Revisiting the Trysting Place

Photo | Lisa Dane Nora Caplan revisits the historic Willard Hotel in Washington, D.C., during the Christmas holidays.

Photo | Lisa Dane
Nora Caplan revisits the historic Willard Hotel in Washington, D.C., during the Christmas holidays.


During the Christmas holidays, my family gave me a rare treat—an auto tour of downtown Washington, D.C. They didn’t know, however, when we took a break at the historic Willard Hotel just how personally significant this landmark was to us. Even I had forgotten the importance of the Willard when I was in my early twenties and had just moved to D.C. from Springfield, Missouri.

At that time our nation’s capital may have seemed provincial to sophisticated world travelers, but it was impressive to me.

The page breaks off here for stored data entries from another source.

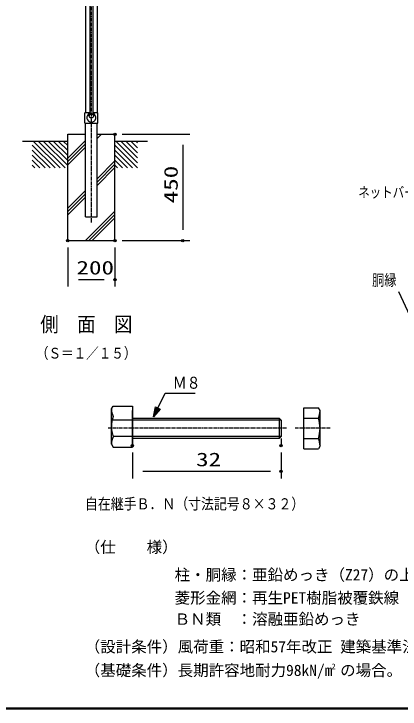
# Model space of a CAD drawing. Units: millimetres, scale not verified. Extents: x -4425 to 4425, y -3150 to 3150.
# Drawn here: x -165 to 1471, y -2925 to 20 of the extents above; entities that cross this region are included whole.
import ezdxf
from ezdxf.enums import TextEntityAlignment as Align

# ---------------------------------------------------------------- set-up
doc = ezdxf.new("R2010")
doc.units = ezdxf.units.MM
doc.header["$LTSCALE"] = 20
doc.header["$PDMODE"] = 32
doc.header["$PDSIZE"] = 10
doc.linetypes.add('USER1', pattern=[1.125, 0.75, -0.125, 0.125, -0.125])
for name, color, linetype, lineweight in [('0-1_2', 7, 'Continuous', 25), ('0-2_1', 7, 'Continuous', 25), ('0-3_13', 7, 'Continuous', 25), ('0-8_0', 1, 'Continuous', 25), ('0-A_WAKU', 7, 'Continuous', 25), ('0-B_D-TTL-TXT', 7, 'Continuous', 25)]:
    doc.layers.add(name, color=color, linetype=linetype, lineweight=lineweight)
doc.layers.add('0-9_DEFPOINTS', color=7, linetype='Continuous')
doc.styles.add('ＭＳ ゴシック', font='')
doc.styles.get('ＭＳ ゴシック').set_extended_font_data('MS Gothic')

msp = doc.modelspace()

# ---------------------------------------------------------------- linework, layer by layer
at = {"layer": '0-1_2'}
for p, q in [((336.49, -1811.06), (336.49, -1659.86)), ((1062.44, -1649.06), (1124.88, -1649.06)), ((1062.44, -1692.26), (1062.44, -1649.06)), ((336.49, -1692.26), (957.86, -1692.26)), ((966.5, -1700.9), (966.5, -1770.02)), ((1062.44, -1692.26), (1124.88, -1692.26)), ((1062.44, -1778.66), (1124.88, -1778.66)), ((248.3, -1803.22), (254.99, -1814.8)), ((1062.44, -1821.86), (1124.88, -1821.86)), ((1131.56, -1810.29), (1124.88, -1821.86))]:
    msp.add_line(p, q, dxfattribs=at)
at = {"layer": '0-1_2', "color": 4}
for p, q in [((966.5, -1700.9), (250.97, -1700.9)), ((966.5, -1770.02), (254.5, -1770.02))]:
    msp.add_line(p, q, dxfattribs=at)
at = {"layer": '0-1_2'}
for points in [[(248.3, -1803.22), (248.3, -1653.57), (254.99, -1641.99)], [(1131.56, -1810.29), (1131.56, -1660.64), (1124.88, -1649.06)], [(957.86, -1778.66), (336.49, -1778.66), (336.49, -1692.26)]]:
    msp.add_lwpolyline(points, dxfattribs=at)
for centre, radius, start, end in [((326.41, -1653.57), 78.11, 179.99966, 203.88217), ((1053.45, -1660.64), 78.11, 336.11783, 0.00034), ((391.18, -1728.4), 142.88, 162.40051, 197.59897), ((988.68, -1735.46), 142.88, 342.40103, 17.59949), ((326.41, -1803.22), 78.11, 156.11694, 179.99983), ((1053.45, -1810.29), 78.11, 0.00017, 23.88306)]:
    msp.add_arc(centre, radius, start, end, dxfattribs=at)
at = {"layer": '0-2_1', "color": 2, "linetype": 'USER1'}
for p, q in [((162.77, 1759.87), (162.77, -863.94)), ((990.1, -1735.46), (234.79, -1735.46)), ((1174.92, -1735.46), (1025.51, -1735.46))]:
    msp.add_line(p, q, dxfattribs=at)
at = {"layer": '0-2_1'}
for p, q in [((137.77, 133), (137.77, -399.7)), ((187.77, 133), (187.77, -399.7)), ((157.23, -404.94), (152.11, -410.06)), ((168.24, -405.05), (173.36, -410.17)), ((137.77, -490.21), (137.77, -442.71)), ((187.77, -840.22), (187.77, -442.71)), ((62.81, -490.21), (137.82, -490.21)), ((62.81, -940.23), (62.81, -490.21)), ((137.77, -840.22), (137.77, -490.21)), ((187.82, -490.21), (262.82, -490.21)), ((262.82, -940.23), (262.82, -490.21)), ((62.77, -520.21), (-128.93, -520.21)), ((400.21, -520.21), (262.77, -520.21)), ((137.77, -840.22), (187.77, -840.22)), ((62.81, -940.22), (262.82, -940.23)), ((957.86, -1692.26), (966.5, -1700.9)), ((336.49, -1778.66), (336.49, -1808.66)), ((957.86, -1778.66), (966.5, -1770.02)), ((966.5, -1778.66), (966.5, -1808.66))]:
    msp.add_line(p, q, dxfattribs=at)
at = {"layer": '0-2_1', "color": 4}
for p, q in [((187.82, -508.51), (206.12, -490.21)), ((-82.26, -520.21), (30.25, -632.71)), ((-61.04, -520.21), (51.46, -632.71)), ((-39.83, -520.21), (62.77, -622.81)), ((-18.62, -520.21), (62.77, -601.59)), ((2.6, -520.21), (62.77, -580.38)), ((23.81, -520.21), (62.77, -559.16)), ((45.03, -520.21), (62.77, -537.95)), ((62.81, -591.09), (137.82, -516.08)), ((267.75, -520.21), (359.04, -611.5)), ((288.97, -520.21), (359.04, -590.29)), ((310.18, -520.21), (359.04, -569.07)), ((331.39, -520.21), (359.04, -547.86)), ((352.61, -520.21), (359.04, -526.64)), ((-87.24, -536.44), (9.03, -632.71)), ((-87.24, -557.66), (-12.18, -632.71)), ((62.81, -605.23), (137.82, -530.23)), ((62.81, -619.37), (137.82, -544.37)), ((262.77, -536.44), (359.04, -632.71)), ((262.77, -557.66), (337.83, -632.71)), ((-87.24, -578.87), (-33.4, -632.71)), ((262.77, -578.87), (316.61, -632.71)), ((-87.24, -600.08), (-54.61, -632.71)), ((187.82, -678.22), (262.82, -603.22)), ((187.82, -692.37), (262.82, -617.36)), ((262.77, -600.08), (295.4, -632.71)), ((-87.24, -621.3), (-75.82, -632.71)), ((187.82, -706.51), (262.82, -631.51)), ((262.77, -621.3), (274.19, -632.71)), ((62.81, -803.23), (137.82, -728.22)), ((62.81, -817.37), (137.82, -742.37)), ((62.81, -831.51), (137.82, -756.51)), ((137.95, -940.22), (262.82, -815.36)), ((152.1, -940.22), (262.82, -829.5)), ((166.24, -940.22), (262.82, -843.65)), ((1512.92, -1259.96), (1464.6, -1157.34)), ((957.86, -1692.26), (957.86, -1778.66))]:
    msp.add_line(p, q, dxfattribs=at)
for points in [[(425.49, -1687.06), (475.46, -1587.12), (603.27, -1587.12)], [(448.97, -1651.84), (434.88, -1668.27), (439.58, -1647.14)]]:
    msp.add_lwpolyline(points, dxfattribs=at)
msp.add_lwpolyline([(453.67, -1654.19), (425.49, -1687.06), (434.88, -1644.79)], close=True, dxfattribs=at)
at = {"layer": '0-2_1'}
msp.add_lwpolyline([(1062.44, -1821.86), (1062.44, -1778.66), (1062.44, -1692.26)], dxfattribs=at)
msp.add_circle((162.77, -412.8), 9, dxfattribs=at)
for centre, radius, start, end in [((162.75, -419.66), 19, 112.92856, 65.65668), ((155.75, -404.18), 2, 349.34329, 96.63702), ((169.75, -404.19), 2, 65.55547, 190.65678)]:
    msp.add_arc(centre, radius, start, end, dxfattribs=at)
at = {"layer": '0-3_13'}
for p, q in [((156.34, 133), (156.34, -402.65)), ((169.2, 133), (169.2, -402.65)), ((156.34, -399.7), (135.27, -399.7)), ((135.27, -442.71), (135.27, -399.7)), ((190.27, -399.7), (169.2, -399.7)), ((190.27, -442.71), (190.27, -399.7)), ((135.27, -442.71), (190.27, -442.71))]:
    msp.add_line(p, q, dxfattribs=at)
at = {"layer": '0-8_0'}
for p, q in [((292.77, -490.21), (579.94, -490.21)), ((292.77, -940.23), (579.94, -940.23)), ((62.81, -970.22), (62.81, -1135.28)), ((262.82, -970.23), (262.82, -1135.28)), ((336.49, -1838.66), (336.49, -1947.46)), ((966.5, -1838.66), (966.5, -1947.46))]:
    msp.add_line(p, q, dxfattribs=at)
at = {"layer": '0-8_0', "color": 2}
for p, q in [((549.94, -535.21), (549.94, -895.23)), ((107.81, -1105.28), (217.82, -1105.28)), ((381.49, -1917.46), (921.5, -1917.46))]:
    msp.add_line(p, q, dxfattribs=at)
at = {"layer": '0-8_0', "color": 7}
for p, q in [((254.99, -1641.99), (336.49, -1641.99)), ((336.49, -1641.99), (336.49, -1814.8)), ((254.99, -1814.8), (336.49, -1814.8))]:
    msp.add_line(p, q, dxfattribs=at)
at = {"layer": '0-9_DEFPOINTS'}
for p in [(262.77, -490.21), (62.81, -940.22), (262.77, -940.23), (262.82, -940.23), (549.94, -940.23), (262.82, -1105.28), (336.49, -1808.66), (966.5, -1808.66), (966.5, -1917.46)]:
    msp.add_point(p, dxfattribs=at)
at = {"layer": '0-A_WAKU'}
msp.add_lwpolyline([(-4050.1, 2925.19), (4199.9, 2925.19), (4199.9, -2924.81), (-4050.1, -2924.81)], close=True, dxfattribs=at)
for points in [[(4197.9, 2923.19), (4197.9, -2922.81), (-4048.1, -2922.81)], [(4195.9, 2921.19), (4195.9, -2920.81), (-4046.1, -2920.81)]]:
    msp.add_lwpolyline(points, dxfattribs=at)

# ---------------------------------------------------------------- texts
at = {"layer": '0-2_1', "color": 4, "style": 'ＭＳ ゴシック'}
for s, height, width, p in [('ネットバー', 44.57, 0.8, (1293.23, -771.53)), ('胴縁', 47.36, 0.8, (1352.04, -1145.6)), ('側\u3000面\u3000図', 63.64, 0.9, (-53.53, -1345.98)), ('（Ｓ＝１／１５）', 45.89, 0.85, (-71.79, -1453.98)), ('Ｍ８', 50.59, 0.85, (508, -1583.17)), ('自在継手Ｂ．Ｎ（寸法記号８×３２）', 47.13, 0.85, (135.77, -2093.08))]:
    msp.add_text(s, height=height, dxfattribs=dict(at, width=width)).set_placement(p, align=Align.BOTTOM_LEFT)
at = {"layer": '0-8_0', "color": 3, "style": 'ＭＳ ゴシック', "width": 1.35}
msp.add_text('450', height=57.77, rotation=90, dxfattribs=at).set_placement((546.04, -782.72), align=Align.BOTTOM_LEFT)
for s, p in [('200', (99.82, -1101.38)), ('32', (606.49, -1913.56))]:
    msp.add_text(s, height=57.77, dxfattribs=at).set_placement(p, align=Align.BOTTOM_LEFT)
at = {"layer": '0-B_D-TTL-TXT', "style": 'ＭＳ ゴシック'}
for s, height, p in [('（仕\u3000\u3000様）', 48.09, (134.9, -2276.88)), ('柱・胴縁：亜鉛めっき（Z27）の上、ポリエステル樹脂静電粉体塗装', 48.09, (515.67, -2394.49)), ('菱形金網：再生PET樹脂被覆鉄線', 48.09, (515.67, -2492.09)), ('ＢＮ類\u3000：溶融亜鉛めっき', 48.09, (515.67, -2582.18)), ('（設計条件）風荷重：昭和57年改正 建築基準法・同施行令に基づく風圧力に準拠。', 48.09, (134.9, -2698.93)), ('（基礎条件）長期許容地耐力98kN/m の場合。', 48.09, (134.9, -2798.93)), ('2', 24.05, (1180.38, -2763.11))]:
    msp.add_text(s, height=height, dxfattribs=at).set_placement(p, align=Align.BOTTOM_LEFT)

doc.saveas('drawing.dxf')

I loved having lunch on Saturdays at Garfinckel’s when the store had a fashion show with models displaying the latest outfits as they strolled around the tearoom. Long before the Kennedy Center was built, it was thrilling to me to be able to see live dramas starring famous actors at the National Theatre, or attend a concert at Constitution Hall. Usually, though, most of my dates took me to a movie at the Warner Theater on 13th Street, where occasionally there might be a short stage show during intermission.

I had been recruited by the Veterans Administration (VA) in the late 1940s when it was converting G.I.s’ insurance from temporary to permanent plans. I had accepted a lowly time clerk’s position rather than continue teaching English in a consolidated high school in rural southwestern Missouri. The VA paid my train fare to D.C. I wouldn’t be totally on my own because my favorite aunt lived in nearby Prince George’s County, Maryland. She had arranged for me to share an apartment with her friend’s daughter who lived near George Washington University. If I managed to get up early enough, I could easily walk to Constitution Avenue where the VA’s offices were located in the old Munitions Buildings, still temporary after having been constructed during World War I. But if I overslept (which happened far too often), I had to take a taxi; the accumulated fares whittled away my pittance of a paycheck.

About a year after I began working for the government, the VA transferred me to a different section. Midway in the row of insurance examiners’ desks facing me was a handsome man with wavy black hair, brown eyes and olive skin. I was attracted to him because of his good looks and for some unknown reason, his faraway expression reminded me of an explorer of distant lands and exotic places. When he asked me out to dinner and a movie, I was pleased to accept his invitation. We agreed to meet downtown at the Willard, which was a popular trysting place for couples, especially in the initial stage of their courtship. I could easily get there by bus from the rooming house just off Connecticut Avenue near Dupont Circle where by then I was living. Our date was set for the following Saturday.

Unfortunately, just as I set forth for the bus stop on Connecticut, it began to rain. I had an umbrella, but I wasn’t wearing a raincoat. The pre-dinner hour traffic was heavy, and cars as they passed sent sheets of rain water toward me as I waited on the sidewalk for the bus. Soon an impatient driver, who barely missed the curb, absolutely drenched me with a gutter full of the downpour. After I recovered from the initial shock, I was dismayed. I hadn’t allowed extra time for emergencies. There was no payphone in the vicinity so that I could call my date to explain what had happened. (Cellphones were far in the future.) I was miserable in my soaked clothes. There was no other alternative than to return to the red brick row house where I lived and change from top to bottom, don my raincoat, and try to flag down a cab. Finally, after jumping into a taxi, I panted with anxiety. Would he wait for me? Would he believe my reason for being so late? How angry might he be with me?

When we arrived at the Willard, I dashed up the steps and said, “No, thanks” to the doorman who tried to offer his assistance. Normally I would have been awed and respectful of the elegant lobby with its columns and deep-cushioned furniture, and especially the smartly uniformed staff. But I only had eyes for my date.

I spotted him sitting at the end of a sofa. He had a grim look on his face as he rose and approached me. “I was about to take a powder.” He never minced words when he was angry, I discovered later. I babbled an apology that I still don’t know if he really believed. (He was a street-wise, Baltimore-born and raised product, so different from the corn-fed guys I had known and understood.)

This was my first acquaintance with the Willard Hotel. No wonder that the Christmas Eve of 2015 I took my time, appreciating every detail of the lobby and relishing the comfort of the armchairs. The head pastry chef even took a break from his supervising the preparations for Christmas morning buffet in an adjacent hall to show us his current creation—a model of the Capitol, made from gingerbread.

I think it was the columns wound around with Christmas garlands that reminded me of that rainy night so many years ago when at last I was forgiven for being late by our future children’s father. I thought I was recounting a familiar family story to my children, as we relaxed in the hotel lobby, but amazingly they had never heard what a part the Willard had played in their very existence.